If a record contains a picture, leave the picture out and transcribe everything else exactly.

___ Available records ___

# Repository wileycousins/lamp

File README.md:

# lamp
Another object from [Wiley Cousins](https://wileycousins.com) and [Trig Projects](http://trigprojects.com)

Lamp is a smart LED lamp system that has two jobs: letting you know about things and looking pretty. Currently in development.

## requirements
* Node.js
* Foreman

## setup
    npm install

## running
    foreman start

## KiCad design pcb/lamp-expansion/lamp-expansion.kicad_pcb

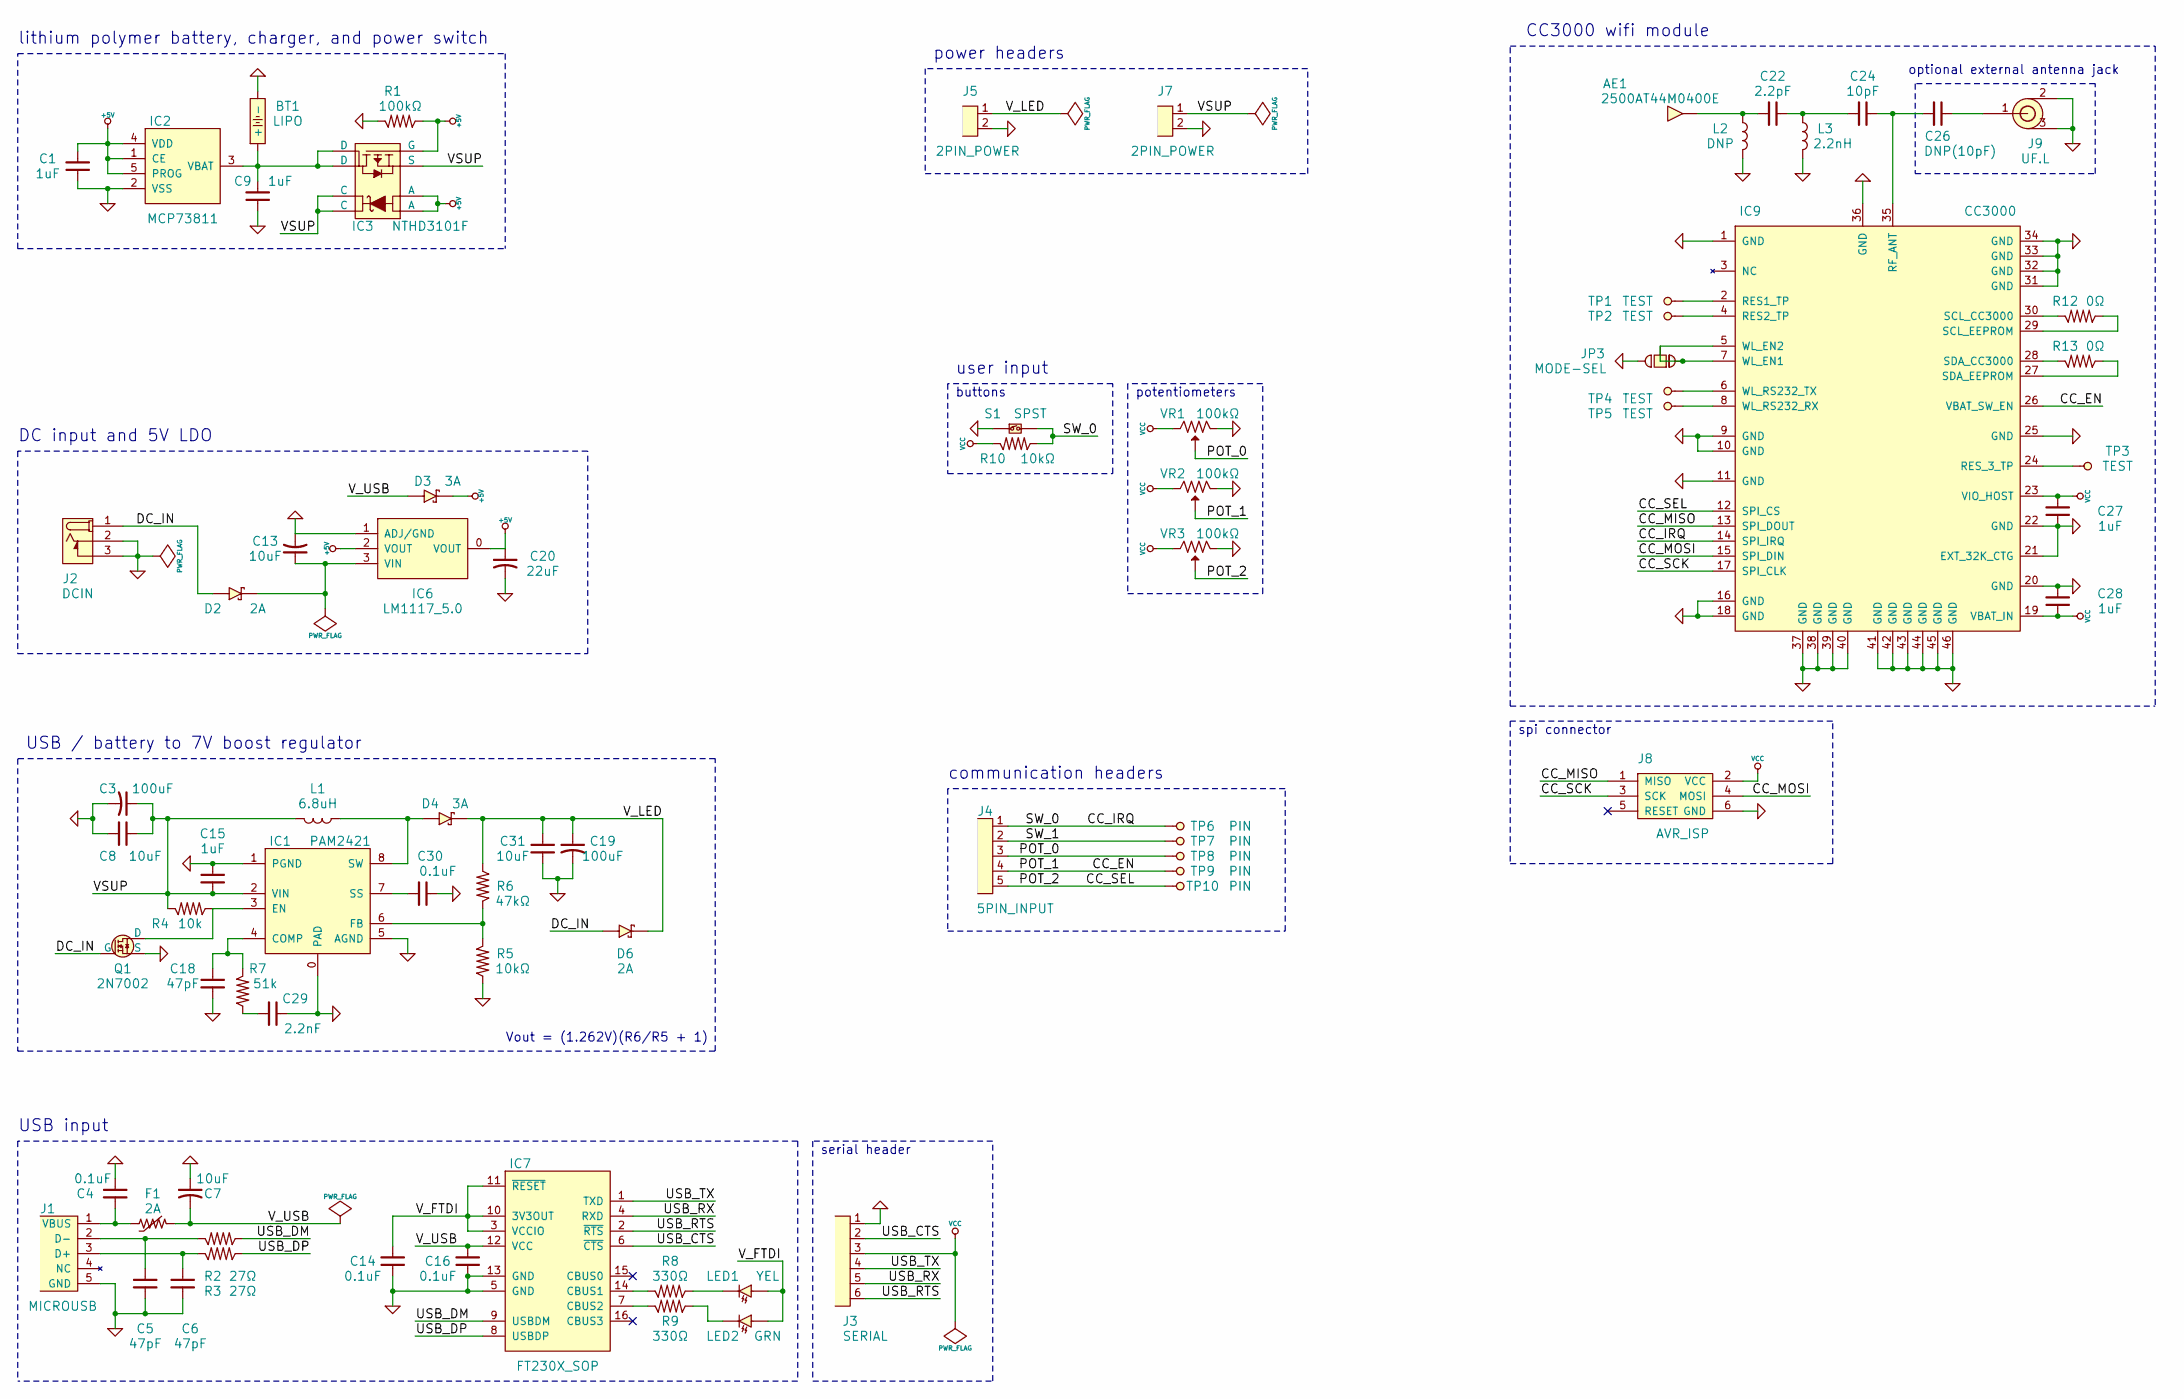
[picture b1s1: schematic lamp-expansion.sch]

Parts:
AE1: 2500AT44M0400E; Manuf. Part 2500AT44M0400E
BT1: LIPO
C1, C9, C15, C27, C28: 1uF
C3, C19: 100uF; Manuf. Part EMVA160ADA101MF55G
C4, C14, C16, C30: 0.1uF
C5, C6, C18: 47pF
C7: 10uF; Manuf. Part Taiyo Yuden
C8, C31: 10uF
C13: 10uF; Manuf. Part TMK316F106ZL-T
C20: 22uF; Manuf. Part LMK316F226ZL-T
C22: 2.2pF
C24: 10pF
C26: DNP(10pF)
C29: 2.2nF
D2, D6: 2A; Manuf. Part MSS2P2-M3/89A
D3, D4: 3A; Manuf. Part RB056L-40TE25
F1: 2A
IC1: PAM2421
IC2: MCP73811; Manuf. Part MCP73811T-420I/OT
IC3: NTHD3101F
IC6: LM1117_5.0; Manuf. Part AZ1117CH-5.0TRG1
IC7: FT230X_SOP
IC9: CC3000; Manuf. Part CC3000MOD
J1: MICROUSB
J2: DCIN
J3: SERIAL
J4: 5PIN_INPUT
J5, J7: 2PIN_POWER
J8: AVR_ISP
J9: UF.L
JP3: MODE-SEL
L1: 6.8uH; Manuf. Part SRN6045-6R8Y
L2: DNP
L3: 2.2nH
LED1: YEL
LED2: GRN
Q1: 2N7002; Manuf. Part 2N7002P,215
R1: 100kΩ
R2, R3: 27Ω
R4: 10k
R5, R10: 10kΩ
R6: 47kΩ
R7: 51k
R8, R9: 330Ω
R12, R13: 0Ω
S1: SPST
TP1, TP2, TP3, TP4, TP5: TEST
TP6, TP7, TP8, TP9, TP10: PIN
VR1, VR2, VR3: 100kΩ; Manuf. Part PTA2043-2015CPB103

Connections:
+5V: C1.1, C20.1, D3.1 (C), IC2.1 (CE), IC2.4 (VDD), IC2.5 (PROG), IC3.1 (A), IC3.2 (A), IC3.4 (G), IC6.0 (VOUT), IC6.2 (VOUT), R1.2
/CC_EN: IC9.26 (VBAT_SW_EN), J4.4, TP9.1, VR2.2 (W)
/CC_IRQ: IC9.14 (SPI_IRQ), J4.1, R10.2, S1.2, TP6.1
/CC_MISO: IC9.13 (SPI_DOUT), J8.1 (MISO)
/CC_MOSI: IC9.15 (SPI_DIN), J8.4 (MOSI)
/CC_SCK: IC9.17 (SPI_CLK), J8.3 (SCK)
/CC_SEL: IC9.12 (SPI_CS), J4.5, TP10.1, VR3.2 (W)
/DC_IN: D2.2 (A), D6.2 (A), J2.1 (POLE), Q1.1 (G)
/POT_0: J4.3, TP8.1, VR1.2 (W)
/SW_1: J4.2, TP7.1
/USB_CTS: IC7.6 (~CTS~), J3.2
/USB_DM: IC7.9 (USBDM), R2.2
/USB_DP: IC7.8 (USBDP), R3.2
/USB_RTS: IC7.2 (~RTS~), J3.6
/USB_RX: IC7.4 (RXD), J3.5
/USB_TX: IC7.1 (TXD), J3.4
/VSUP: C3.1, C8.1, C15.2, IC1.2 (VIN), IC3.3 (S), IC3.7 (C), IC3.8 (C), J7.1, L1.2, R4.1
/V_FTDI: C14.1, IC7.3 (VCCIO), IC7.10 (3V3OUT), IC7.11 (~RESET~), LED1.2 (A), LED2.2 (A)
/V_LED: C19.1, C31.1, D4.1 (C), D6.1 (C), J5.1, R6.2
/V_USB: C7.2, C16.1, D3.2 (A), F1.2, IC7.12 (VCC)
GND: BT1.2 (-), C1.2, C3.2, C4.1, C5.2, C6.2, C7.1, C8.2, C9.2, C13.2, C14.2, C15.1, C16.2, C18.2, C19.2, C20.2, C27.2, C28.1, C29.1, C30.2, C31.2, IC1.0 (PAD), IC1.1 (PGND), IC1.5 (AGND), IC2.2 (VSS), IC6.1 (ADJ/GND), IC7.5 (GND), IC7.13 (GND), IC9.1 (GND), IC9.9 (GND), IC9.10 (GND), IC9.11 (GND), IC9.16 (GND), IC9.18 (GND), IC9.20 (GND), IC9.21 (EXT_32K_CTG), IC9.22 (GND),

___

## Task answer:
# Repository wileycousins/lamp

File README.md:

# lamp
Another object from [Wiley Cousins](https://wileycousins.com) and [Trig Projects](http://trigprojects.com)

Lamp is a smart LED lamp system that has two jobs: letting you know about things and looking pretty. Currently in development.

## requirements
* Node.js
* Foreman

## setup
    npm install

## running
    foreman start

## KiCad design pcb/lamp-expansion/lamp-expansion.kicad_pcb

[picture b1s1: schematic lamp-expansion.sch]

Parts:
AE1: 2500AT44M0400E; Manuf. Part 2500AT44M0400E
BT1: LIPO
C1, C9, C15, C27, C28: 1uF
C3, C19: 100uF; Manuf. Part EMVA160ADA101MF55G
C4, C14, C16, C30: 0.1uF
C5, C6, C18: 47pF
C7: 10uF; Manuf. Part Taiyo Yuden
C8, C31: 10uF
C13: 10uF; Manuf. Part TMK316F106ZL-T
C20: 22uF; Manuf. Part LMK316F226ZL-T
C22: 2.2pF
C24: 10pF
C26: DNP(10pF)
C29: 2.2nF
D2, D6: 2A; Manuf. Part MSS2P2-M3/89A
D3, D4: 3A; Manuf. Part RB056L-40TE25
F1: 2A
IC1: PAM2421
IC2: MCP73811; Manuf. Part MCP73811T-420I/OT
IC3: NTHD3101F
IC6: LM1117_5.0; Manuf. Part AZ1117CH-5.0TRG1
IC7: FT230X_SOP
IC9: CC3000; Manuf. Part CC3000MOD
J1: MICROUSB
J2: DCIN
J3: SERIAL
J4: 5PIN_INPUT
J5, J7: 2PIN_POWER
J8: AVR_ISP
J9: UF.L
JP3: MODE-SEL
L1: 6.8uH; Manuf. Part SRN6045-6R8Y
L2: DNP
L3: 2.2nH
LED1: YEL
LED2: GRN
Q1: 2N7002; Manuf. Part 2N7002P,215
R1: 100kΩ
R2, R3: 27Ω
R4: 10k
R5, R10: 10kΩ
R6: 47kΩ
R7: 51k
R8, R9: 330Ω
R12, R13: 0Ω
S1: SPST
TP1, TP2, TP3, TP4, TP5: TEST
TP6, TP7, TP8, TP9, TP10: PIN
VR1, VR2, VR3: 100kΩ; Manuf. Part PTA2043-2015CPB103

Connections:
+5V: C1.1, C20.1, D3.1 (C), IC2.1 (CE), IC2.4 (VDD), IC2.5 (PROG), IC3.1 (A), IC3.2 (A), IC3.4 (G), IC6.0 (VOUT), IC6.2 (VOUT), R1.2
/CC_EN: IC9.26 (VBAT_SW_EN), J4.4, TP9.1, VR2.2 (W)
/CC_IRQ: IC9.14 (SPI_IRQ), J4.1, R10.2, S1.2, TP6.1
/CC_MISO: IC9.13 (SPI_DOUT), J8.1 (MISO)
/CC_MOSI: IC9.15 (SPI_DIN), J8.4 (MOSI)
/CC_SCK: IC9.17 (SPI_CLK), J8.3 (SCK)
/CC_SEL: IC9.12 (SPI_CS), J4.5, TP10.1, VR3.2 (W)
/DC_IN: D2.2 (A), D6.2 (A), J2.1 (POLE), Q1.1 (G)
/POT_0: J4.3, TP8.1, VR1.2 (W)
/SW_1: J4.2, TP7.1
/USB_CTS: IC7.6 (~CTS~), J3.2
/USB_DM: IC7.9 (USBDM), R2.2
/USB_DP: IC7.8 (USBDP), R3.2
/USB_RTS: IC7.2 (~RTS~), J3.6
/USB_RX: IC7.4 (RXD), J3.5
/USB_TX: IC7.1 (TXD), J3.4
/VSUP: C3.1, C8.1, C15.2, IC1.2 (VIN), IC3.3 (S), IC3.7 (C), IC3.8 (C), J7.1, L1.2, R4.1
/V_FTDI: C14.1, IC7.3 (VCCIO), IC7.10 (3V3OUT), IC7.11 (~RESET~), LED1.2 (A), LED2.2 (A)
/V_LED: C19.1, C31.1, D4.1 (C), D6.1 (C), J5.1, R6.2
/V_USB: C7.2, C16.1, D3.2 (A), F1.2, IC7.12 (VCC)
GND: BT1.2 (-), C1.2, C3.2, C4.1, C5.2, C6.2, C7.1, C8.2, C9.2, C13.2, C14.2, C15.1, C16.2, C18.2, C19.2, C20.2, C27.2, C28.1, C29.1, C30.2, C31.2, IC1.0 (PAD), IC1.1 (PGND), IC1.5 (AGND), IC2.2 (VSS), IC6.1 (ADJ/GND), IC7.5 (GND), IC7.13 (GND), IC9.1 (GND), IC9.9 (GND), IC9.10 (GND), IC9.11 (GND), IC9.16 (GND), IC9.18 (GND), IC9.20 (GND), IC9.21 (EXT_32K_CTG), IC9.22 (GND),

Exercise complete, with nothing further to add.